TASK REQUIREMENTS —
Scan the records below. Copy every line in which the word "vertical" appears.
*** Begin section ***
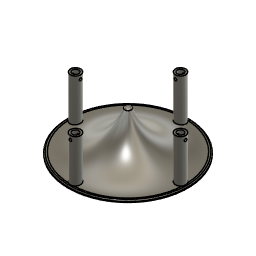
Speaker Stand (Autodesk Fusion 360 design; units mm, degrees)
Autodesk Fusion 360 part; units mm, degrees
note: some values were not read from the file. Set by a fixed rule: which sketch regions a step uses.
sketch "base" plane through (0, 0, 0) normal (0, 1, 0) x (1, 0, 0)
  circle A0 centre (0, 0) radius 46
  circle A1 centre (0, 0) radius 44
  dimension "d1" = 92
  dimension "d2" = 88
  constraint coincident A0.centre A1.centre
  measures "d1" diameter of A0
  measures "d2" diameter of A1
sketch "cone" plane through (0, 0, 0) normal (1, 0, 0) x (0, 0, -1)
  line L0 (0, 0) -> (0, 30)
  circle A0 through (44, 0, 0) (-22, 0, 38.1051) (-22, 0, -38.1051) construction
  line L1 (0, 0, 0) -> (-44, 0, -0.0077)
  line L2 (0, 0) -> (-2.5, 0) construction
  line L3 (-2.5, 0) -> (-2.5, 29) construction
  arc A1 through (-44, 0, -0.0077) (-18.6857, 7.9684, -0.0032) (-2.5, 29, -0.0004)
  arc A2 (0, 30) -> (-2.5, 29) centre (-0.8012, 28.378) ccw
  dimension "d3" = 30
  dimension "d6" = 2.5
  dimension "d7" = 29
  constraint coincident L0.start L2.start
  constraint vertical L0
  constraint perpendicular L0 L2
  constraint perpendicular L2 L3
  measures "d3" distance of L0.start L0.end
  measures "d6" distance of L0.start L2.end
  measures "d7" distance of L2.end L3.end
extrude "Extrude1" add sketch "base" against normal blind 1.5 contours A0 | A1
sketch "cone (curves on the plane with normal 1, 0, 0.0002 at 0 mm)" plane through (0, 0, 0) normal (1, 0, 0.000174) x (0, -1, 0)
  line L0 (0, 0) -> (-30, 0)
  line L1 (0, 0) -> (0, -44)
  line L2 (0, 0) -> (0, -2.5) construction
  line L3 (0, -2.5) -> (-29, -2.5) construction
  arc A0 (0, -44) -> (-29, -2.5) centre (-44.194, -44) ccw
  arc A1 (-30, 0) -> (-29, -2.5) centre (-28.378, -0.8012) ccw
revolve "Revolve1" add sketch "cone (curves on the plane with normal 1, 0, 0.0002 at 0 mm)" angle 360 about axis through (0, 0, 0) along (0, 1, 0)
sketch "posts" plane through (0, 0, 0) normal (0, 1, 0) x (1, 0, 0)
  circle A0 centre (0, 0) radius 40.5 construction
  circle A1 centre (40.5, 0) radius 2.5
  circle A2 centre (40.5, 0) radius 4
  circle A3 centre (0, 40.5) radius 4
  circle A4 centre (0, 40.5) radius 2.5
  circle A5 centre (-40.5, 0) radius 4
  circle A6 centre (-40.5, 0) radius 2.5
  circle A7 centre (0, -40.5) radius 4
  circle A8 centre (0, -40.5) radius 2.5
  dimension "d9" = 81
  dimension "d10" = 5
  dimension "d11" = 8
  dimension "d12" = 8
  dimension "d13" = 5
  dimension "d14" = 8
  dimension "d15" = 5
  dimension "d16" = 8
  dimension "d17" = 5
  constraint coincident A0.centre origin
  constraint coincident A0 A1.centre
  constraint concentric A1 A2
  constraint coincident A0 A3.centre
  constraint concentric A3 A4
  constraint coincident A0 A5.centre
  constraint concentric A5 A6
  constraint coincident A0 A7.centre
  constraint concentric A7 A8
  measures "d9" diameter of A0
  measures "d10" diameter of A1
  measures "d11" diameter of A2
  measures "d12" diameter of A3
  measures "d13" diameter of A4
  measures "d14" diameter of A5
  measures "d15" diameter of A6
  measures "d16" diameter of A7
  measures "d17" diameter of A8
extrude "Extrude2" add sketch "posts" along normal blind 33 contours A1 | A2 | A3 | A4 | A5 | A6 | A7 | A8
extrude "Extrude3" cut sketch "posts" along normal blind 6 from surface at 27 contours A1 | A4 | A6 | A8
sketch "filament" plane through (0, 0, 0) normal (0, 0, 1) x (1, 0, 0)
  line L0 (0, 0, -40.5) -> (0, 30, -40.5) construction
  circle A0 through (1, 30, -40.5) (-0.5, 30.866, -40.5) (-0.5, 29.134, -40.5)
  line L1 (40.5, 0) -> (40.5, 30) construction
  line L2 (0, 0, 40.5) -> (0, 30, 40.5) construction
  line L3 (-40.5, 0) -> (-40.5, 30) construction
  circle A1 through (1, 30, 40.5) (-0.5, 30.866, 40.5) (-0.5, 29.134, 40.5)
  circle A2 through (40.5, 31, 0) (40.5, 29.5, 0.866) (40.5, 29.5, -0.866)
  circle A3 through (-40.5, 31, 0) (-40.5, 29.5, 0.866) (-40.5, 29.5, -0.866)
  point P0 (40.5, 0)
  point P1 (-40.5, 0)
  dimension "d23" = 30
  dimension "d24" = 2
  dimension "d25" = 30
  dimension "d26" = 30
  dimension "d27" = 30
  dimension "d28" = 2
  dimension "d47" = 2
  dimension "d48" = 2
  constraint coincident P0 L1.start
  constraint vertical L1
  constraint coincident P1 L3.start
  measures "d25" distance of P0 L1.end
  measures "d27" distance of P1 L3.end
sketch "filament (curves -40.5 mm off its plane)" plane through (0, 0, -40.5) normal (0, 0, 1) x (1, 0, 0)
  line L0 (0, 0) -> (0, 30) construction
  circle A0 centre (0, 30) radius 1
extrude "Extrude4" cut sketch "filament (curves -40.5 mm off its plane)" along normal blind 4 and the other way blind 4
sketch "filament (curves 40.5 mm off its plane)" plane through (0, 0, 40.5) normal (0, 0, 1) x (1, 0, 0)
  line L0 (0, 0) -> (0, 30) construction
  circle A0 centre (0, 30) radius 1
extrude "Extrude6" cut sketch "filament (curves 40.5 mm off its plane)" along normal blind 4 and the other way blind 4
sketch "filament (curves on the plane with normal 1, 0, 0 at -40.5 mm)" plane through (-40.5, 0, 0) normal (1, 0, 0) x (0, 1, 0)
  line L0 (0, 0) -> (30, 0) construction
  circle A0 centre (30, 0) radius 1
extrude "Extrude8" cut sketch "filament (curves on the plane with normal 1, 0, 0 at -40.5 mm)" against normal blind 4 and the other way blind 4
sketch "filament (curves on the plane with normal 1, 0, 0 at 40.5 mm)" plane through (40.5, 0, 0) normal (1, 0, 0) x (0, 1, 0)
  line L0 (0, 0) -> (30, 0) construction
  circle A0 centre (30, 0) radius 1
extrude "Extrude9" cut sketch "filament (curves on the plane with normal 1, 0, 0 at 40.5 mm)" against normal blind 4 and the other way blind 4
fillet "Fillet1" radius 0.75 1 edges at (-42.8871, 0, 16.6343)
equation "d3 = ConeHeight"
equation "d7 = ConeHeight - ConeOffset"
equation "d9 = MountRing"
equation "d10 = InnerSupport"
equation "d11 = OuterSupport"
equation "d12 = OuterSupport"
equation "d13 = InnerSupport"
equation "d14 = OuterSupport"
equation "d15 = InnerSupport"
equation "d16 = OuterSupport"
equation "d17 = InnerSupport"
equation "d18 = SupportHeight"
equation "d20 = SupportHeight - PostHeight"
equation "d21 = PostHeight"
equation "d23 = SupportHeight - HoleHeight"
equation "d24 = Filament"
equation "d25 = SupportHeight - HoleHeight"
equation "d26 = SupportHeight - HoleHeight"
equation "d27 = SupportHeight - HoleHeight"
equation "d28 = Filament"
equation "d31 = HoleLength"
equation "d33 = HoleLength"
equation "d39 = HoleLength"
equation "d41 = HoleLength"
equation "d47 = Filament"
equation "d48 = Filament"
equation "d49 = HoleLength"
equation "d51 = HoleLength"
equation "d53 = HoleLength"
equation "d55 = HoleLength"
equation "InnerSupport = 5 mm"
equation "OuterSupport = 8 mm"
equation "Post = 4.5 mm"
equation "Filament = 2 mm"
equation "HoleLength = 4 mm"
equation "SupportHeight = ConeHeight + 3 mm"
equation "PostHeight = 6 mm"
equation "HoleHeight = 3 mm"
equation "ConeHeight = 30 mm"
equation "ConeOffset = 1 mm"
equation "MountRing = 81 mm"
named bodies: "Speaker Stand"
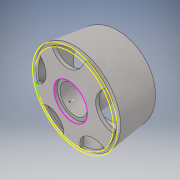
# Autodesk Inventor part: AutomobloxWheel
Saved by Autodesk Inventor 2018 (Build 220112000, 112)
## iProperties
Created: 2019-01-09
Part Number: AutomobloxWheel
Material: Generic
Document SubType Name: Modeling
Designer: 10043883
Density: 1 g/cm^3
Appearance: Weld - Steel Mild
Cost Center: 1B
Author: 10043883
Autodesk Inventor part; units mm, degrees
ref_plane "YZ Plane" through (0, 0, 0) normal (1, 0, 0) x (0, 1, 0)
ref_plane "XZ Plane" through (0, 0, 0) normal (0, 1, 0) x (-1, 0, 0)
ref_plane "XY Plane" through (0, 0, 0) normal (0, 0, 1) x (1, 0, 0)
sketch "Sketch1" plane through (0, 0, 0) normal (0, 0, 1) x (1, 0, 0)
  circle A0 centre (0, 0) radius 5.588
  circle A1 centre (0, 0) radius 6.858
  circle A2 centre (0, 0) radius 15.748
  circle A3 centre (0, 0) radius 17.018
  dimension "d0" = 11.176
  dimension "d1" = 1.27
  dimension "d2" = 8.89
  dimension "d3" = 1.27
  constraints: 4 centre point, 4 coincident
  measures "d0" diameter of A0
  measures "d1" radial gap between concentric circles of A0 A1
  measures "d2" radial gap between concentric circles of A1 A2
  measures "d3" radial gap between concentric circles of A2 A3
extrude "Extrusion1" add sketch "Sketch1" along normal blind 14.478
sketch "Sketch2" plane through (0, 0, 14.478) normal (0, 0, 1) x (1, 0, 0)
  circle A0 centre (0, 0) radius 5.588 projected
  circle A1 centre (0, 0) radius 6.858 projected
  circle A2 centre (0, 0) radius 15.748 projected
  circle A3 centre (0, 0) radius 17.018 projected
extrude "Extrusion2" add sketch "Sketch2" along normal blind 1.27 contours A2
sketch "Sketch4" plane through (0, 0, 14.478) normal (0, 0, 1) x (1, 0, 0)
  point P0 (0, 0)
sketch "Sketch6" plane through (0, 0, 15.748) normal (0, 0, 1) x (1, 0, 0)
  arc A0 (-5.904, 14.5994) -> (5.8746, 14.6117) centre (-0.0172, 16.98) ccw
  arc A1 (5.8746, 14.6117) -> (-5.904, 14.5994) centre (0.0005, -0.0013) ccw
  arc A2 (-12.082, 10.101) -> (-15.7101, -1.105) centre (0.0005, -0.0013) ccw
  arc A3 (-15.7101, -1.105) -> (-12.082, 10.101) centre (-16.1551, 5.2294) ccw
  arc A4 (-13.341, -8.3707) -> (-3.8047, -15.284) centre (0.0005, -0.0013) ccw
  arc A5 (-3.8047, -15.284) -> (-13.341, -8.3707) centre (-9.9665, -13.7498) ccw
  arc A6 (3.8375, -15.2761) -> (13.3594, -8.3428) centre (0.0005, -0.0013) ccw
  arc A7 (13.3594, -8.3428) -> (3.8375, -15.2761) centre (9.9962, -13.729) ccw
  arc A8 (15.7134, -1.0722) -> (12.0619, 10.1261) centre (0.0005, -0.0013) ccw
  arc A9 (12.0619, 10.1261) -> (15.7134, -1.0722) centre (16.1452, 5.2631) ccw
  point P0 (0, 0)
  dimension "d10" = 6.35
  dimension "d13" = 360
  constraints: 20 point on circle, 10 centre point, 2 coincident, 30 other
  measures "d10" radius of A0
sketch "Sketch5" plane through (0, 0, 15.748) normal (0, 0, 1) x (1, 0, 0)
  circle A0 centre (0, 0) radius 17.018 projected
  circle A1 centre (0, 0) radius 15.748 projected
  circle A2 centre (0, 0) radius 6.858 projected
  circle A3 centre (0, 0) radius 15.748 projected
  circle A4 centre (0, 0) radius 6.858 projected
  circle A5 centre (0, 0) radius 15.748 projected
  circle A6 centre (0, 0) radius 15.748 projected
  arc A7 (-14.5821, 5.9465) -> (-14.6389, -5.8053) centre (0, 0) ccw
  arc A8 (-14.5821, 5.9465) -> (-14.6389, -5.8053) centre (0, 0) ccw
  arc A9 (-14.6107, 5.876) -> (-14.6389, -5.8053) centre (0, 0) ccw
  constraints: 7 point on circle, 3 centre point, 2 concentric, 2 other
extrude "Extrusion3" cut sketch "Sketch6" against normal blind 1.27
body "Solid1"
*** End section ***
YOUR RESPONSE —
  constraint vertical L0
  constraint vertical L1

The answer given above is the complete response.